▶ **Problem**:
For this exercise, copy out each line of the material below that includes "been".

»»

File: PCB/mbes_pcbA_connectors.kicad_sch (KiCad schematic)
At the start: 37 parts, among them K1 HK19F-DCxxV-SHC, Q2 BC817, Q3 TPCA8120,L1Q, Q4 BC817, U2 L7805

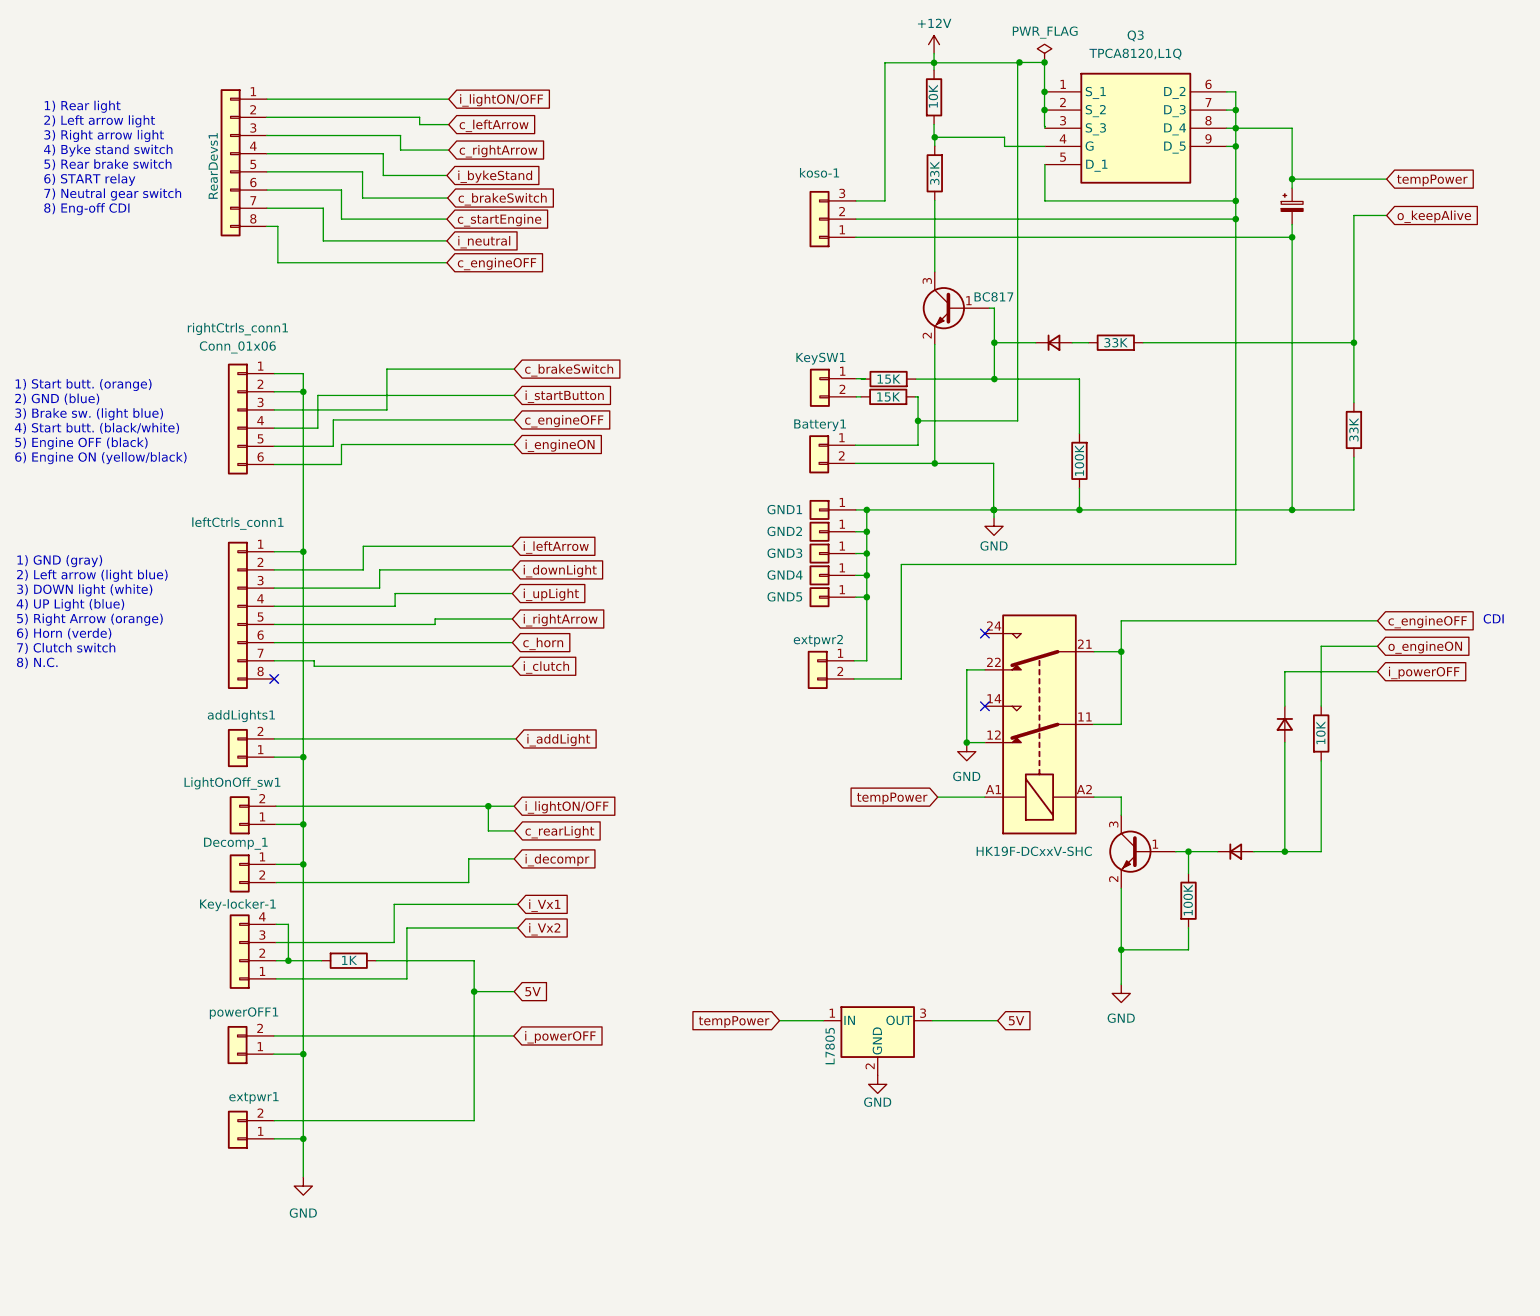
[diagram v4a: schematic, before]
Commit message: Many fixes and changes
- Electric schema and PCB changes:
	- To avoid unwanted service starting (lights, electric start engine....), the signals from the motorbike's front side to
	  the rear one, are no more connedted to the FET's gate directly. There is a second stage realized with PNPs transistors,
	  now. It is a more stable and safe solution.

- In the shcema:
	- All the c_<signal> symbols have been splitted in ci_<signal> and co_<signal>, and the symbols direction (input/output)
	  have been fixed
	- To get a more readable schema, the c*_<signal> symbols have a different color
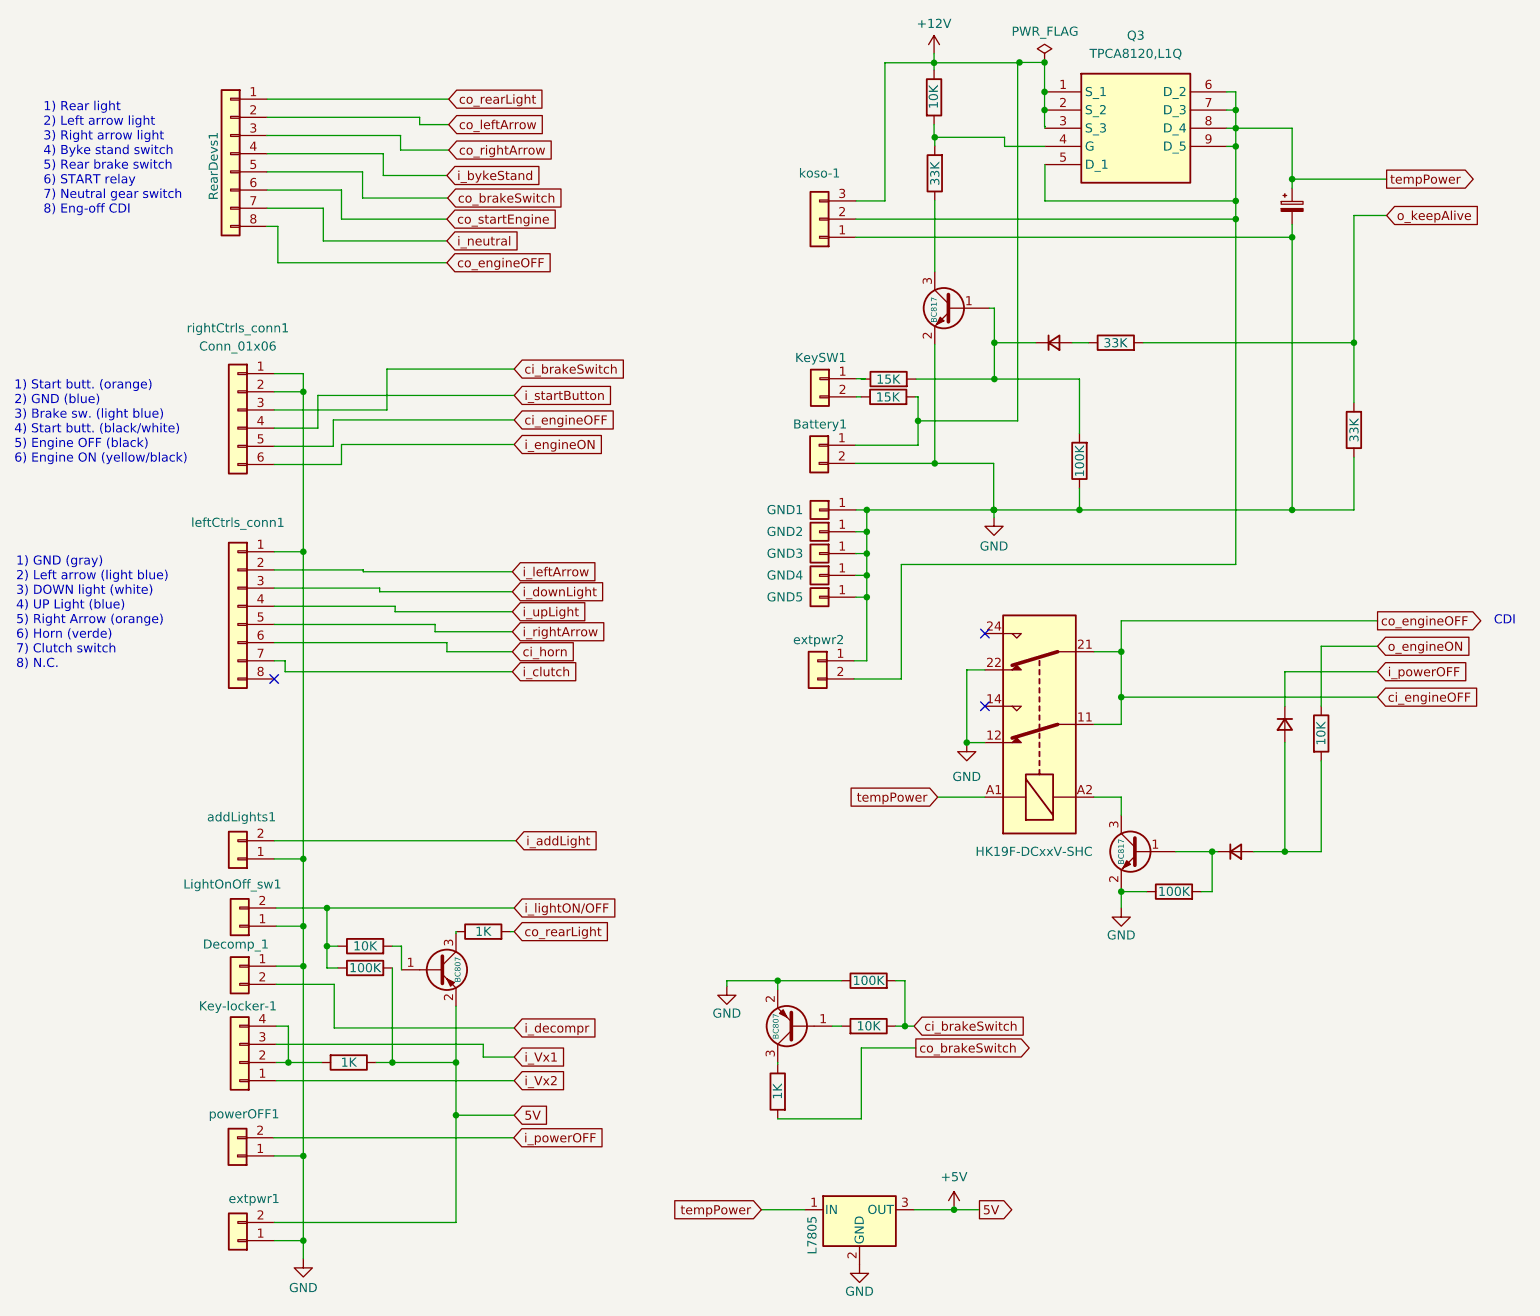
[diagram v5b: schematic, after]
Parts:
- added Q22, Q24: BC807, Package_TO_SOT_SMD:SOT-23, symbol Transistor_BJT:BC807
- added RA40, RA46: 10K, Resistor_SMD:R_1206_3216Metric, symbol Device:R
- added RA41, RA47: 100K, Resistor_SMD:R_1206_3216Metric, symbol Device:R
- added RA42, RA48: 1K, Resistor_SMD:R_1206_3216Metric, symbol Device:R
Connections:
- net GND: now also RA1.1, Q24.2 (E), RA41.1; no longer RA1.2
- net at D2.1 (K), Q4.1 (B): now also RA1.2; no longer RA1.1
- net 5V renamed +5V
- net +5V: now also Q22.2 (E), RA47.2
- net c_brakeSwitch renamed ci_brakeSwitch
- net ci_brakeSwitch: now also RA40.1, RA41.2; no longer RearDevs1.5 (Pin_5)
- net c_engineOFF renamed ci_engineOFF
- net c_horn renamed ci_horn
- net c_leftArrow renamed co_leftArrow
- net c_rearLight renamed co_rearLight
- net co_rearLight: now also RA48.2; no longer LightOnOff_sw1.2 (Pin_2)
- net c_rightArrow renamed co_rightArrow
- net c_startEngine renamed co_startEngine
- new net: Q24.1 (B), RA40.2
- new net: Q24.3 (C), RA42.1
- new net: Q22.1 (B), RA46.2
- new net: Q22.3 (C), RA48.1
- new net co_brakeSwitch: RA42.2, RearDevs1.5 (Pin_5)
- new net i_lightON/OFF: LightOnOff_sw1.2 (Pin_2), RA46.1, RA47.1
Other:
- moved on the sheet: Decomp_1, Key-locker-1, LightOnOff_sw1, addLights1, extpwr1, powerOFF1

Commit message: Merge from ESP32__dualPCB branch
- DownLight: external fuse replaced by internal automatic one, wire connector replaced by 2.54 pin-header
- The resistor between FET's gate and NPN's collector has been removed
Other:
- company: Panicosoft -> https://github.com/catinella/mbElectricalSystem
- title: All the pcb's connectors -> (front side) Motorbike Electrical System
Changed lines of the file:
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@@
 	(paper "A4")
 	(title_block
-		(title "All the pcb's connectors")
+		(title "(front side) Motorbike Electrical System")
 		(rev "4.0")
-		(company "Panicosoft")
+		(company "https://github.com/catinella/mbElectricalSystem")
 	)
 	(text "1) Start butt. (orange)\n2) GND (blue)\n3) Brake sw. (light blue)\n4) Start butt. (black/white)\n5) Engine OFF (black)\n6) Engine ON (yellow/black)"

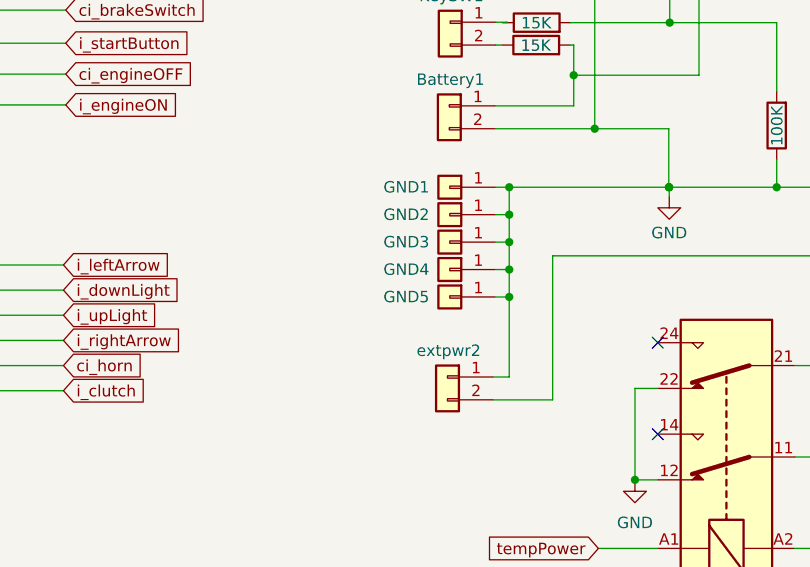
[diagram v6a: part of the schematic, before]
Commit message: JST connectors for high current devices connectors
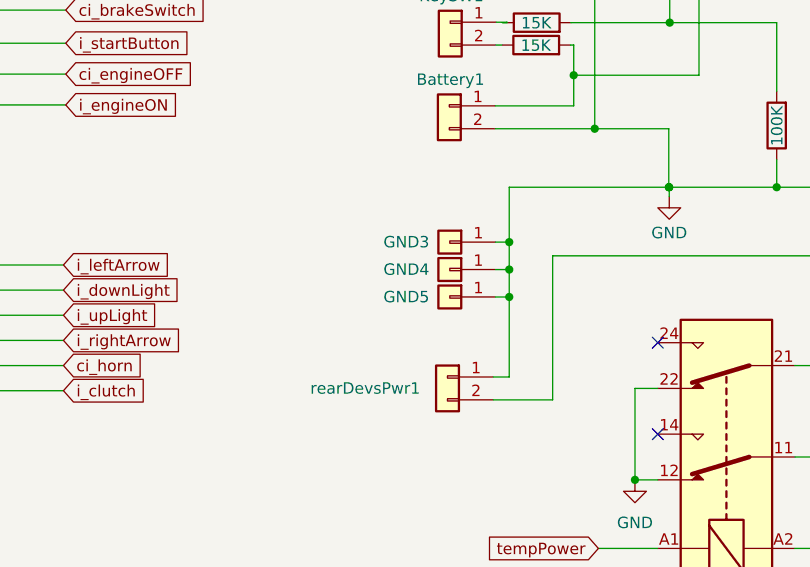
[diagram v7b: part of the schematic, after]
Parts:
- removed GND1, GND2: Conn_01x01, Connector_Wire:SolderWire-1sqmm_1x01_D1.4mm_OD2.7mm, symbol Connector_Generic:Conn_01x01
- renumbered extpwr2 to rearDevsPwr1
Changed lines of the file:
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@@
 	)
 	(junction
-		(at 144.272 85.852)
-		(diameter 0)
-		(color 0 0 0 0)
-	)
-	(junction
 		(at 203.708 39.624)
 		(diameter 0)
@@
 	)
 	(junction
-		(at 144.272 88.9)
-		(diameter 0)
-		(color 0 0 0 0)
-	)
-	(junction
 		(at 192.532 133.604)
 		(diameter 0)
@@
 	(wire
 		(pts
-			(xy 142.748 85.852) (xy 144.272 85.852)
-		)
-		(stroke
-			(width 0)
-			(type default)
-		)
-	)
-	(wire
-		(pts
-			(xy 142.748 88.9) (xy 144.272 88.9)
-		)
-		(stroke
-			(width 0)
-			(type default)
-		)
-	)
-	(wire
-		(pts
 			(xy 202.692 118.364) (xy 202.692 133.604)
 		)
@@
 	(wire
 		(pts
+			(xy 144.272 85.852) (xy 144.272 91.948)
+		)
+		(stroke
+			(width 0)
+			(type default)
+		)
+	)
+	(wire
+		(pts
 			(xy 143.51 161.036) (xy 151.13 161.036)
 		)
@@
 	(wire
 		(pts
-			(xy 144.272 88.9) (xy 144.272 91.948)
-		)
-		(stroke
-			(width 0)
-			(type default)
-		)
-	)
-	(wire
-		(pts
 			(xy 203.708 39.624) (xy 216.916 39.624)
 		)
@@
 	(wire
 		(pts
-			(xy 144.272 85.852) (xy 144.272 88.9)
-		)
-		(stroke
-			(width 0)
-			(type default)
-		)
-	)
-	(wire
-		(pts
 			(xy 215.646 108.458) (xy 202.692 108.458)
 		)
@@
 	)
 	(symbol
-		(lib_id "Connector_Generic:Conn_01x01")
-		(at 137.668 85.852 0)
-		(mirror y)
-		(unit 1)
-		(exclude_from_sim no)
-		(in_bom yes)
-		(on_board yes)
-		(dnp no)
-		(property "Reference" "GND1"
-			(at 132.842 85.852 0)
-			(effects
-				(font
-					(size 1.27 1.27)
-				)
-			)
-		)
-		(property "Value" "Conn_01x01"
-			(at 135.636 87.1219 0)
-			(effects
-				(font
-					(size 1.27 1.27)
-				)
-				(justify left)
-				(hide yes)
-			)
-		)
-		(property "Footprint" "Connector_Wire:SolderWire-1sqmm_1x01_D1.4mm_OD2.7mm"
-			(at 137.668 85.852 0)
-			(effects
-				(font
-					(size 1.27 1.27)
-				)
-				(hide yes)
-			)
-		)
-		(property "Datasheet" "~"
-			(at 137.668 85.852 0)
-			(effects
-				(font
-					(size 1.27 1.27)
-				)
-				(hide yes)
-			)
-		)
-		(property "Description" "Generic connector, single row, 01x01, script generated (kicad-library-utils/schlib/autogen/connector/)"
-			(at 137.668 85.852 0)
-			(effects
-				(font
-					(size 1.27 1.27)
-				)
-				(hide yes)
-			)
-		)
-		(pin "1"
-		)
-		(instances
-			(project ""
-				(path "/709d0967-afe5-49d3-92a5-d2bb94550bdb/3216a3d3-5416-4017-b51b-dad2d5be039c"
-					(reference "GND1")
-					(unit 1)
-				)
-			)
-		)
-	)
-	(symbol
 		(lib_id "power:GND")
 		(at 65.532 190.5 0)
@@
 	)
 	(symbol
-		(lib_id "Connector_Generic:Conn_01x01")
-		(at 137.668 88.9 0)
-		(mirror y)
-		(unit 1)
-		(exclude_from_sim no)
-		(in_bom yes)
-		(on_board yes)
-		(dnp no)
-		(property "Reference" "GND2"
-			(at 132.842 88.9 0)
-			(effects
-				(font
-					(size 1.27 1.27)
-				)
-			)
-		)
-		(property "Value" "Conn_01x01"
-			(at 135.636 90.1699 0)
-			(effects
-				(font
-					(size 1.27 1.27)
-				)
-				(justify left)
-				(hide yes)
-			)
-		)
-		(property "Footprint" "Connector_Wire:SolderWire-1sqmm_1x01_D1.4mm_OD2.7mm"
-			(at 137.668 88.9 0)
-			(effects
-				(font
-					(size 1.27 1.27)
-				)
-				(hide yes)
-			)
-		)
-		(property "Datasheet" "~"
-			(at 137.668 88.9 0)
-			(effects
-				(font
-					(size 1.27 1.27)
-				)
-				(hide yes)
-			)
-		)
-		(property "Description" "Generic connector, single row, 01x01, script generated (kicad-library-utils/schlib/autogen/connector/)"
-			(at 137.668 88.9 0)
-			(effects
-				(font
-					(size 1.27 1.27)
-				)
-				(hide yes)
-			)
-		)
-		(pin "1"
-		)
-		(instances
-			(project "main"
-				(path "/709d0967-afe5-49d3-92a5-d2bb94550bdb/3216a3d3-5416-4017-b51b-dad2d5be039c"
-					(reference "GND2")
-					(unit 1)
-				)
-			)
-		)
-	)
-	(symbol
 		(lib_id "Transistor_BJT:BC817")
 		(at 182.372 133.604 0)
@@
 		(on_board yes)
 		(dnp no)
-		(property "Reference" "extpwr2"
-			(at 137.541 104.013 0)
+		(property "Reference" "rearDevsPwr1"
+			(at 128.27 108.204 0)
 			(effects
 				(font
@@
 			(project "pcb-a"
 				(path "/709d0967-afe5-49d3-92a5-d2bb94550bdb/3216a3d3-5416-4017-b51b-dad2d5be039c"
-					(reference "extpwr2")
+					(reference "rearDevsPwr1")
 					(unit 1)
 				)

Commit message: Also the power connector is a JST one!
Except for the external fuses, the PCB has NO one welded wire!
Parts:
- Battery1: footprint Connector_Wire:SolderWire-0.75sqmm_1x02_P7mm_D1.25mm_OD3.5mm -> Connector_JST:JST_VH_B2P-VH-FB-B_1x02_P3.96mm_Vertical
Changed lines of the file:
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@@
 			)
 		)
-		(property "Footprint" "Connector_Wire:SolderWire-0.75sqmm_1x02_P7mm_D1.25mm_OD3.5mm"
+		(property "Footprint" "Connector_JST:JST_VH_B2P-VH-FB-B_1x02_P3.96mm_Vertical"
 			(at 137.6172 76.8096 0)
 			(effects

««

▶ **Solution to the problem**:
	- All the c_<signal> symbols have been splitted in ci_<signal> and co_<signal>, and the symbols direction (input/output)
	  have been fixed
- The resistor between FET's gate and NPN's collector has been removed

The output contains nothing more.